Heavily-indebted Chinese property developer CIFI Holding Group extended its asset selling campaign with another loss-making deal, as it grapples with a liquidity crunch and seeks to “survive and sustain under the crisis”.
In its latest disposal, the company raised 436 million yuan (US$61 million) by selling the 49 per cent stake it owned through a subsidiary, Beijing Xuhui Shunxin Real Estate, in Tianjin Chuangda Real Estate Development. The buyer, Shijiazhuang Ronglang Enterprise Management Services, holds the remaining 51 per cent equity interest.
The loss of 28 million yuan, from the disposal, “is not expected to have immediate material impact on the financial position of the group”, the company said.
This brings the total funds raised from asset disposals and announced this week to 657 million yuan, following the deal unveiled on Monday.
“The property market in the PRC has been facing unprecedented challenges and the property developers are encountering liquidity pressure,” Cifi’s notice to the stock exchange said. “Enhancing liquidity are the crucial strategies for market peers to survive and sustain under the crisis.”
“While a loss is expected to be recorded, the disposal will enable the group to revitalise available funds under the increasingly credit tightening market and reallocate resources to improve the efficiency of capital use and enhance the group’s liquidity to ensure the delivery of properties and continuation of its business operations,” it added.
Homes get their own shopping festival in China as Kuaishou aims to boost demand
Homes get their own shopping festival in China as Kuaishou aims to boost demand
On Monday, another CIFI subsidiary, Liaocheng Xuyin, sold a 51 per cent stake in its Dezhou residential project, located in Shandong province, to Shandong Zhongzheng for 221 million yuan.

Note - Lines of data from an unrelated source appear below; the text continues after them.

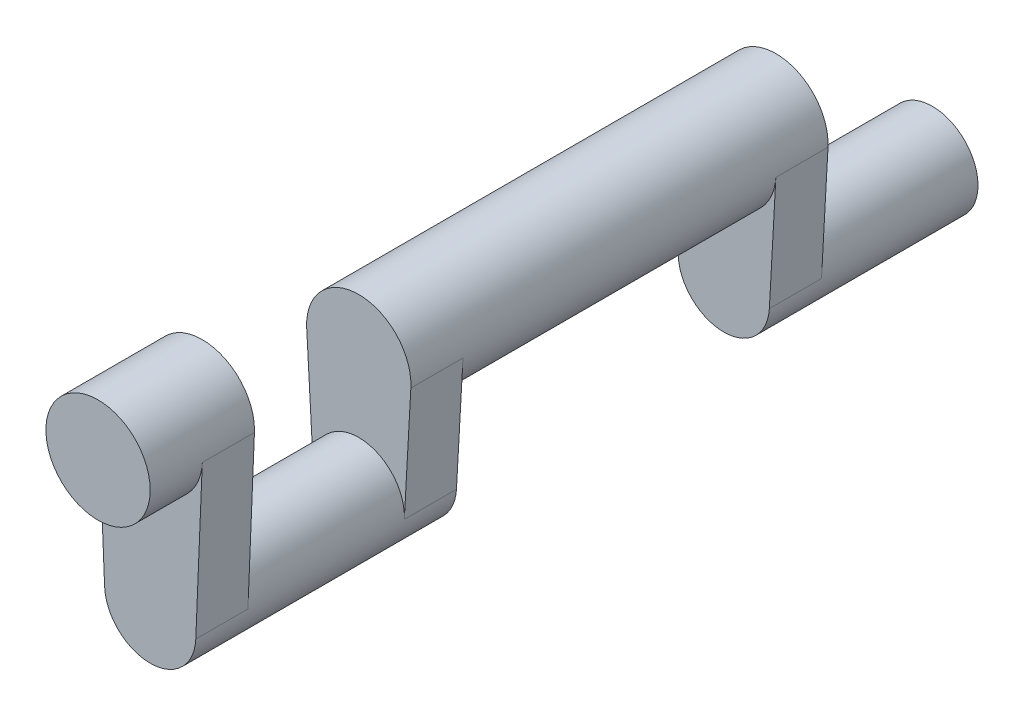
ISO-10303-21;
HEADER;
FILE_DESCRIPTION(('STEP AP214'),'2;1');
FILE_NAME('part.step','',(''),(''),'','','');
FILE_SCHEMA(('AUTOMOTIVE_DESIGN { 1 0 10303 214 1 1 1 1 }'));
ENDSEC;
DATA;
#1=APPLICATION_CONTEXT('core data for automotive mechanical design processes');
#2=APPLICATION_PROTOCOL_DEFINITION('international standard','automotive_design',2000,#1);
#3=PRODUCT_CONTEXT('',#1,'mechanical');
#4=PRODUCT('Part','Part','',(#3));
#5=PRODUCT_RELATED_PRODUCT_CATEGORY('part','',(#4));
#6=PRODUCT_DEFINITION_FORMATION('','',#4);
#7=PRODUCT_DEFINITION_CONTEXT('part definition',#1,'design');
#8=PRODUCT_DEFINITION('design','',#6,#7);
#9=PRODUCT_DEFINITION_SHAPE('','',#8);
#10=(LENGTH_UNIT() NAMED_UNIT(*) SI_UNIT(.MILLI.,.METRE.));
#11=(NAMED_UNIT(*) PLANE_ANGLE_UNIT() SI_UNIT($,.RADIAN.));
#12=(NAMED_UNIT(*) SI_UNIT($,.STERADIAN.) SOLID_ANGLE_UNIT());
#13=UNCERTAINTY_MEASURE_WITH_UNIT(LENGTH_MEASURE(1.E-05),#10,'distance_accuracy_value','');
#14=(GEOMETRIC_REPRESENTATION_CONTEXT(3) GLOBAL_UNCERTAINTY_ASSIGNED_CONTEXT((#13)) GLOBAL_UNIT_ASSIGNED_CONTEXT((#10,
#11,#12)) REPRESENTATION_CONTEXT('',''));
#15=CARTESIAN_POINT('',(0.,0.,0.));
#16=DIRECTION('',(0.,0.,1.));
#17=DIRECTION('',(1.,0.,0.));
#18=AXIS2_PLACEMENT_3D('',#15,#16,#17);
#19=CARTESIAN_POINT('',(0.,-76.2,-152.4));
#20=DIRECTION('',(0.,0.,-1.));
#21=DIRECTION('',(-1.,0.,0.));
#22=AXIS2_PLACEMENT_3D('',#19,#20,#21);
#23=PLANE('',#22);
#24=DIRECTION('',(-0.0555555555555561,0.998455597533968,0.));
#25=VECTOR('',#24,1.);
#26=CARTESIAN_POINT('',(-25.3607721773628,-20.4611111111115,-152.4));
#27=LINE('',#26,#25);
#28=CARTESIAN_POINT('',(-22.1906756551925,-77.4347222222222,-152.4));
#29=VERTEX_POINT('',#28);
#30=CARTESIAN_POINT('',(-25.3607721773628,-20.4611111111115,-152.4));
#31=VERTEX_POINT('',#30);
#32=EDGE_CURVE('E313',#29,#31,#27,.T.);
#33=ORIENTED_EDGE('',*,*,#32,.T.);
#34=CARTESIAN_POINT('',(0.,-19.0500000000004,-152.4));
#35=DIRECTION('',(0.,0.,-1.));
#36=DIRECTION('',(-1.,0.,0.));
#37=AXIS2_PLACEMENT_3D('',#34,#35,#36);
#38=CIRCLE('',#37,25.4000000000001);
#39=CARTESIAN_POINT('',(25.3607721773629,-20.4611111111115,-152.4));
#40=VERTEX_POINT('',#39);
#41=EDGE_CURVE('E156',#31,#40,#38,.F.);
#42=ORIENTED_EDGE('',*,*,#41,.T.);
#43=DIRECTION('',(-0.0555555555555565,-0.998455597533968,0.));
#44=VECTOR('',#43,1.);
#45=CARTESIAN_POINT('',(22.1906756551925,-77.4347222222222,-152.4));
#46=LINE('',#45,#44);
#47=CARTESIAN_POINT('',(22.1906756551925,-77.4347222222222,-152.4));
#48=VERTEX_POINT('',#47);
#49=EDGE_CURVE('E178',#40,#48,#46,.T.);
#50=ORIENTED_EDGE('',*,*,#49,.T.);
#51=CARTESIAN_POINT('',(0.,-76.2,-152.4));
#52=DIRECTION('',(0.,0.,-1.));
#53=DIRECTION('',(-1.,0.,0.));
#54=AXIS2_PLACEMENT_3D('',#51,#52,#53);
#55=CIRCLE('',#54,22.225);
#56=EDGE_CURVE('E184',#48,#29,#55,.T.);
#57=ORIENTED_EDGE('',*,*,#56,.T.);
#58=EDGE_LOOP('',(#33,#42,#50,#57));
#59=FACE_BOUND('',#58,.T.);
#60=ADVANCED_FACE('F31',(#59),#23,.T.);
#61=CARTESIAN_POINT('',(0.,0.,-25.4));
#62=DIRECTION('',(0.,0.,1.));
#63=DIRECTION('',(1.,0.,0.));
#64=AXIS2_PLACEMENT_3D('',#61,#62,#63);
#65=CYLINDRICAL_SURFACE('',#64,25.4);
#66=CARTESIAN_POINT('',(0.,0.,-25.4));
#67=DIRECTION('',(0.,0.,1.));
#68=DIRECTION('',(1.,0.,0.));
#69=AXIS2_PLACEMENT_3D('',#66,#67,#68);
#70=CIRCLE('',#69,25.4);
#71=CARTESIAN_POINT('',(-25.3779418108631,-1.05833333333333,-25.4));
#72=VERTEX_POINT('',#71);
#73=CARTESIAN_POINT('',(25.3779418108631,-1.05833333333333,-25.4));
#74=VERTEX_POINT('',#73);
#75=EDGE_CURVE('E204',#72,#74,#70,.T.);
#76=ORIENTED_EDGE('',*,*,#75,.T.);
#77=DIRECTION('',(0.,0.,1.));
#78=VECTOR('',#77,1.);
#79=CARTESIAN_POINT('',(25.3779418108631,-1.05833333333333,-50.8));
#80=LINE('',#79,#78);
#81=CARTESIAN_POINT('',(25.3779418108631,-1.05833333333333,-50.8));
#82=VERTEX_POINT('',#81);
#83=EDGE_CURVE('E214',#82,#74,#80,.T.);
#84=ORIENTED_EDGE('',*,*,#83,.F.);
#85=CARTESIAN_POINT('',(0.,0.,-50.8));
#86=DIRECTION('',(0.,0.,-1.));
#87=DIRECTION('',(-1.,0.,0.));
#88=AXIS2_PLACEMENT_3D('',#85,#86,#87);
#89=CIRCLE('',#88,25.4);
#90=CARTESIAN_POINT('',(-25.3779418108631,-1.05833333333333,-50.8));
#91=VERTEX_POINT('',#90);
#92=EDGE_CURVE('E217',#91,#82,#89,.T.);
#93=ORIENTED_EDGE('',*,*,#92,.F.);
#94=DIRECTION('',(0.,0.,1.));
#95=VECTOR('',#94,1.);
#96=CARTESIAN_POINT('',(-25.3779418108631,-1.05833333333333,-50.8));
#97=LINE('',#96,#95);
#98=EDGE_CURVE('E193',#91,#72,#97,.T.);
#99=ORIENTED_EDGE('',*,*,#98,.T.);
#100=EDGE_LOOP('',(#76,#84,#93,#99));
#101=FACE_BOUND('',#100,.T.);
#102=CARTESIAN_POINT('',(0.,0.,0.));
#103=DIRECTION('',(0.,0.,1.));
#104=DIRECTION('',(1.,0.,0.));
#105=AXIS2_PLACEMENT_3D('',#102,#103,#104);
#106=CIRCLE('',#105,25.4);
#107=CARTESIAN_POINT('',(25.4,0.,0.));
#108=VERTEX_POINT('',#107);
#109=EDGE_CURVE('E231',#108,#108,#106,.T.);
#110=ORIENTED_EDGE('',*,*,#109,.F.);
#111=EDGE_LOOP('',(#110));
#112=FACE_BOUND('',#111,.T.);
#113=ADVANCED_FACE('F33',(#101,#112),#65,.T.);
#114=CARTESIAN_POINT('',(0.,0.,0.));
#115=DIRECTION('',(0.,0.,1.));
#116=DIRECTION('',(1.,0.,0.));
#117=AXIS2_PLACEMENT_3D('',#114,#115,#116);
#118=PLANE('',#117);
#119=ORIENTED_EDGE('',*,*,#109,.T.);
#120=EDGE_LOOP('',(#119));
#121=FACE_BOUND('',#120,.T.);
#122=ADVANCED_FACE('F280',(#121),#118,.T.);
#123=CARTESIAN_POINT('',(25.3779418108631,-1.05833333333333,-50.8));
#124=DIRECTION('',(-0.999131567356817,0.0416666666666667,0.));
#125=DIRECTION('',(-0.0416666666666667,-0.999131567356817,0.));
#126=AXIS2_PLACEMENT_3D('',#123,#124,#125);
#127=PLANE('',#126);
#128=DIRECTION('',(-0.0416666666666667,-0.999131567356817,0.));
#129=VECTOR('',#128,1.);
#130=CARTESIAN_POINT('',(25.3779418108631,-1.05833333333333,-25.4));
#131=LINE('',#130,#129);
#132=CARTESIAN_POINT('',(22.2056990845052,-77.1260416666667,-25.4));
#133=VERTEX_POINT('',#132);
#134=EDGE_CURVE('E186',#74,#133,#131,.T.);
#135=ORIENTED_EDGE('',*,*,#134,.T.);
#136=DIRECTION('',(0.,0.,1.));
#137=VECTOR('',#136,1.);
#138=CARTESIAN_POINT('',(22.2056990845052,-77.1260416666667,-50.8));
#139=LINE('',#138,#137);
#140=CARTESIAN_POINT('',(22.2056990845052,-77.1260416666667,-50.8));
#141=VERTEX_POINT('',#140);
#142=EDGE_CURVE('E200',#141,#133,#139,.T.);
#143=ORIENTED_EDGE('',*,*,#142,.F.);
#144=DIRECTION('',(-0.0416666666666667,-0.999131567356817,0.));
#145=VECTOR('',#144,1.);
#146=CARTESIAN_POINT('',(25.3779418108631,-1.05833333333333,-50.8));
#147=LINE('',#146,#145);
#148=EDGE_CURVE('E194',#82,#141,#147,.T.);
#149=ORIENTED_EDGE('',*,*,#148,.F.);
#150=ORIENTED_EDGE('',*,*,#83,.T.);
#151=EDGE_LOOP('',(#135,#143,#149,#150));
#152=FACE_BOUND('',#151,.T.);
#153=ADVANCED_FACE('F247',(#152),#127,.F.);
#154=CARTESIAN_POINT('',(0.,-76.2,-50.8));
#155=DIRECTION('',(0.,0.,1.));
#156=DIRECTION('',(1.,0.,0.));
#157=AXIS2_PLACEMENT_3D('',#154,#155,#156);
#158=CYLINDRICAL_SURFACE('',#157,22.225);
#159=CARTESIAN_POINT('',(0.,-76.2,-25.4));
#160=DIRECTION('',(0.,0.,-1.));
#161=DIRECTION('',(-1.,0.,0.));
#162=AXIS2_PLACEMENT_3D('',#159,#160,#161);
#163=CIRCLE('',#162,22.225);
#164=CARTESIAN_POINT('',(-22.2056990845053,-77.1260416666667,-25.4));
#165=VERTEX_POINT('',#164);
#166=EDGE_CURVE('E225',#133,#165,#163,.T.);
#167=ORIENTED_EDGE('',*,*,#166,.T.);
#168=DIRECTION('',(0.,0.,1.));
#169=VECTOR('',#168,1.);
#170=CARTESIAN_POINT('',(-22.2056990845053,-77.1260416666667,-50.8));
#171=LINE('',#170,#169);
#172=CARTESIAN_POINT('',(-22.2056990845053,-77.1260416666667,-50.8));
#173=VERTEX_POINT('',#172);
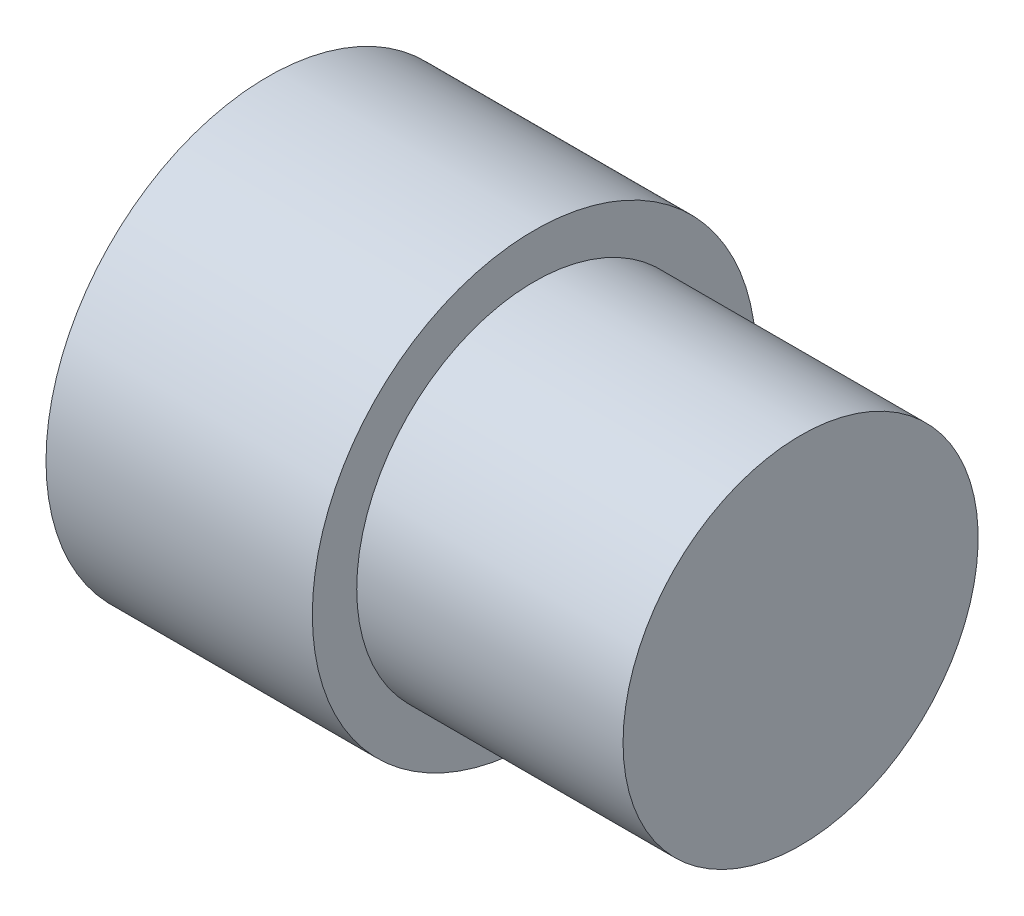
ISO-10303-21;
HEADER;
FILE_DESCRIPTION(('STEP AP214'),'2;1');
FILE_NAME('part.step','',(''),(''),'','','');
FILE_SCHEMA(('AUTOMOTIVE_DESIGN { 1 0 10303 214 1 1 1 1 }'));
ENDSEC;
DATA;
#1=APPLICATION_CONTEXT('core data for automotive mechanical design processes');
#2=APPLICATION_PROTOCOL_DEFINITION('international standard','automotive_design',2000,#1);
#3=PRODUCT_CONTEXT('',#1,'mechanical');
#4=PRODUCT('Part','Part','',(#3));
#5=PRODUCT_RELATED_PRODUCT_CATEGORY('part','',(#4));
#6=PRODUCT_DEFINITION_FORMATION('','',#4);
#7=PRODUCT_DEFINITION_CONTEXT('part definition',#1,'design');
#8=PRODUCT_DEFINITION('design','',#6,#7);
#9=PRODUCT_DEFINITION_SHAPE('','',#8);
#10=(LENGTH_UNIT() NAMED_UNIT(*) SI_UNIT(.MILLI.,.METRE.));
#11=(NAMED_UNIT(*) PLANE_ANGLE_UNIT() SI_UNIT($,.RADIAN.));
#12=(NAMED_UNIT(*) SI_UNIT($,.STERADIAN.) SOLID_ANGLE_UNIT());
#13=UNCERTAINTY_MEASURE_WITH_UNIT(LENGTH_MEASURE(1.E-05),#10,'distance_accuracy_value','');
#14=(GEOMETRIC_REPRESENTATION_CONTEXT(3) GLOBAL_UNCERTAINTY_ASSIGNED_CONTEXT((#13)) GLOBAL_UNIT_ASSIGNED_CONTEXT((#10,
#11,#12)) REPRESENTATION_CONTEXT('',''));
#15=CARTESIAN_POINT('',(0.,0.,0.));
#16=DIRECTION('',(0.,0.,1.));
#17=DIRECTION('',(1.,0.,0.));
#18=AXIS2_PLACEMENT_3D('',#15,#16,#17);
#19=CARTESIAN_POINT('',(0.,0.,-2.5));
#20=DIRECTION('',(1.,0.,0.));
#21=DIRECTION('',(0.,0.,-1.));
#22=AXIS2_PLACEMENT_3D('',#19,#20,#21);
#23=PLANE('',#22);
#24=CARTESIAN_POINT('',(0.,0.,0.));
#25=DIRECTION('',(-1.,0.,0.));
#26=DIRECTION('',(0.,0.,1.));
#27=AXIS2_PLACEMENT_3D('',#24,#25,#26);
#28=CIRCLE('',#27,2.5);
#29=CARTESIAN_POINT('',(0.,0.,2.5));
#30=VERTEX_POINT('',#29);
#31=EDGE_CURVE('E44',#30,#30,#28,.T.);
#32=ORIENTED_EDGE('',*,*,#31,.T.);
#33=EDGE_LOOP('',(#32));
#34=FACE_BOUND('',#33,.T.);
#35=ADVANCED_FACE('F30',(#34),#23,.F.);
#36=CARTESIAN_POINT('',(6.00000000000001,0.,0.));
#37=DIRECTION('',(-1.,0.,0.));
#38=DIRECTION('',(0.,0.,1.));
#39=AXIS2_PLACEMENT_3D('',#36,#37,#38);
#40=PLANE('',#39);
#41=CARTESIAN_POINT('',(6.00000000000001,0.,0.));
#42=DIRECTION('',(-1.,0.,0.));
#43=DIRECTION('',(0.,0.,1.));
#44=AXIS2_PLACEMENT_3D('',#41,#42,#43);
#45=CIRCLE('',#44,2.);
#46=CARTESIAN_POINT('',(6.00000000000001,0.,2.));
#47=VERTEX_POINT('',#46);
#48=EDGE_CURVE('E10',#47,#47,#45,.T.);
#49=ORIENTED_EDGE('',*,*,#48,.F.);
#50=EDGE_LOOP('',(#49));
#51=FACE_BOUND('',#50,.T.);
#52=ADVANCED_FACE('F64',(#51),#40,.F.);
#53=CARTESIAN_POINT('',(0.,0.,0.));
#54=DIRECTION('',(-1.,0.,0.));
#55=DIRECTION('',(0.,0.,1.));
#56=AXIS2_PLACEMENT_3D('',#53,#54,#55);
#57=CYLINDRICAL_SURFACE('',#56,2.);
#58=CARTESIAN_POINT('',(3.,0.,0.));
#59=DIRECTION('',(-1.,0.,0.));
#60=DIRECTION('',(0.,0.,1.));
#61=AXIS2_PLACEMENT_3D('',#58,#59,#60);
#62=CIRCLE('',#61,2.);
#63=CARTESIAN_POINT('',(3.,0.,2.));
#64=VERTEX_POINT('',#63);
#65=EDGE_CURVE('E36',#64,#64,#62,.T.);
#66=ORIENTED_EDGE('',*,*,#65,.F.);
#67=EDGE_LOOP('',(#66));
#68=FACE_BOUND('',#67,.T.);
#69=ORIENTED_EDGE('',*,*,#48,.T.);
#70=EDGE_LOOP('',(#69));
#71=FACE_BOUND('',#70,.T.);
#72=ADVANCED_FACE('F59',(#68,#71),#57,.T.);
#73=CARTESIAN_POINT('',(3.,0.,-2.));
#74=DIRECTION('',(-1.,0.,0.));
#75=DIRECTION('',(0.,0.,1.));
#76=AXIS2_PLACEMENT_3D('',#73,#74,#75);
#77=PLANE('',#76);
#78=CARTESIAN_POINT('',(3.,0.,0.));
#79=DIRECTION('',(-1.,0.,0.));
#80=DIRECTION('',(0.,0.,1.));
#81=AXIS2_PLACEMENT_3D('',#78,#79,#80);
#82=CIRCLE('',#81,2.5);
#83=CARTESIAN_POINT('',(3.,0.,2.5));
#84=VERTEX_POINT('',#83);
#85=EDGE_CURVE('E40',#84,#84,#82,.T.);
#86=ORIENTED_EDGE('',*,*,#85,.F.);
#87=EDGE_LOOP('',(#86));
#88=FACE_BOUND('',#87,.T.);
#89=ORIENTED_EDGE('',*,*,#65,.T.);
#90=EDGE_LOOP('',(#89));
#91=FACE_BOUND('',#90,.T.);
#92=ADVANCED_FACE('F54',(#88,#91),#77,.F.);
#93=CARTESIAN_POINT('',(0.,0.,0.));
#94=DIRECTION('',(-1.,0.,0.));
#95=DIRECTION('',(0.,0.,1.));
#96=AXIS2_PLACEMENT_3D('',#93,#94,#95);
#97=CYLINDRICAL_SURFACE('',#96,2.5);
#98=ORIENTED_EDGE('',*,*,#31,.F.);
#99=EDGE_LOOP('',(#98));
#100=FACE_BOUND('',#99,.T.);
#101=ORIENTED_EDGE('',*,*,#85,.T.);
#102=EDGE_LOOP('',(#101));
#103=FACE_BOUND('',#102,.T.);
#104=ADVANCED_FACE('F51',(#100,#103),#97,.T.);
#105=CLOSED_SHELL('',(#35,#52,#72,#92,#104));
#106=MANIFOLD_SOLID_BREP('B2',#105);
#107=ADVANCED_BREP_SHAPE_REPRESENTATION('',(#18,#106),#14);
#108=SHAPE_DEFINITION_REPRESENTATION(#9,#107);
ENDSEC;
END-ISO-10303-21;

The company posted a loss of 215 million yuan on that deal.
CIFI’s shares slipped 3.6 per cent to HK$0.26 per share on Friday, just off an all-time low of HK$0.19 seen on October 31.
The stock has plunged by 75.9 per cent this year, down 96.4 per cent from the peak struck in April 2021. Its capitalisation has cratered from an all-time high of around HK$64 billion (US$8.2 billion) to HK$2.76 billion, according to Bloomberg data.
To solve the liquidity crisis, CIFI chairman Lin Zhong and his family have put up five luxury homes for sale in Hong Kong’s Southern district, even as the city’s property market grapples with a downtrend.
Shares of the debt-stricken property developer plunged by the most on record after trading resumed in September, following a six-month suspension due to a delay in filing financial results.
In its delayed earnings release, the company said it had swung to a 9 billion yuan loss in the first half of the year, reversing from a profit of 1.9 billion yuan in the year ago period. Its annual loss was 13 billion yuan in 2022. But the company’s long-term liabilities shrank to 34.8 billion yuan by the end of June, from 41.3 billion yuan at the end of 2022, while its working capital dropped to 30.6 billion yuan from 49 billion yuan in the same period, indicating balance-sheet downsizing.
CIFI’s contracted sales for the six months ending in June shrank 33.6 per cent year on year to 41.94 billion yuan, “due to the tough business environment in the real estate industry”, the company said.
Banks have stated their intention to continue enhance support for non state-owned real estate enterprises.
Everbright said in a statement on Thursday it is actively consulting several private and mixed ownership real estate companies, including Vanke, Country Garden, and Midea Real Estate, to fund approved projects.
“This indicates a positive sign if banks can really lend to more private developers especially those facing liquidity issues,” according to Raymond Cheng, managing director, head of China and HK property at CGS-CIMB Securities.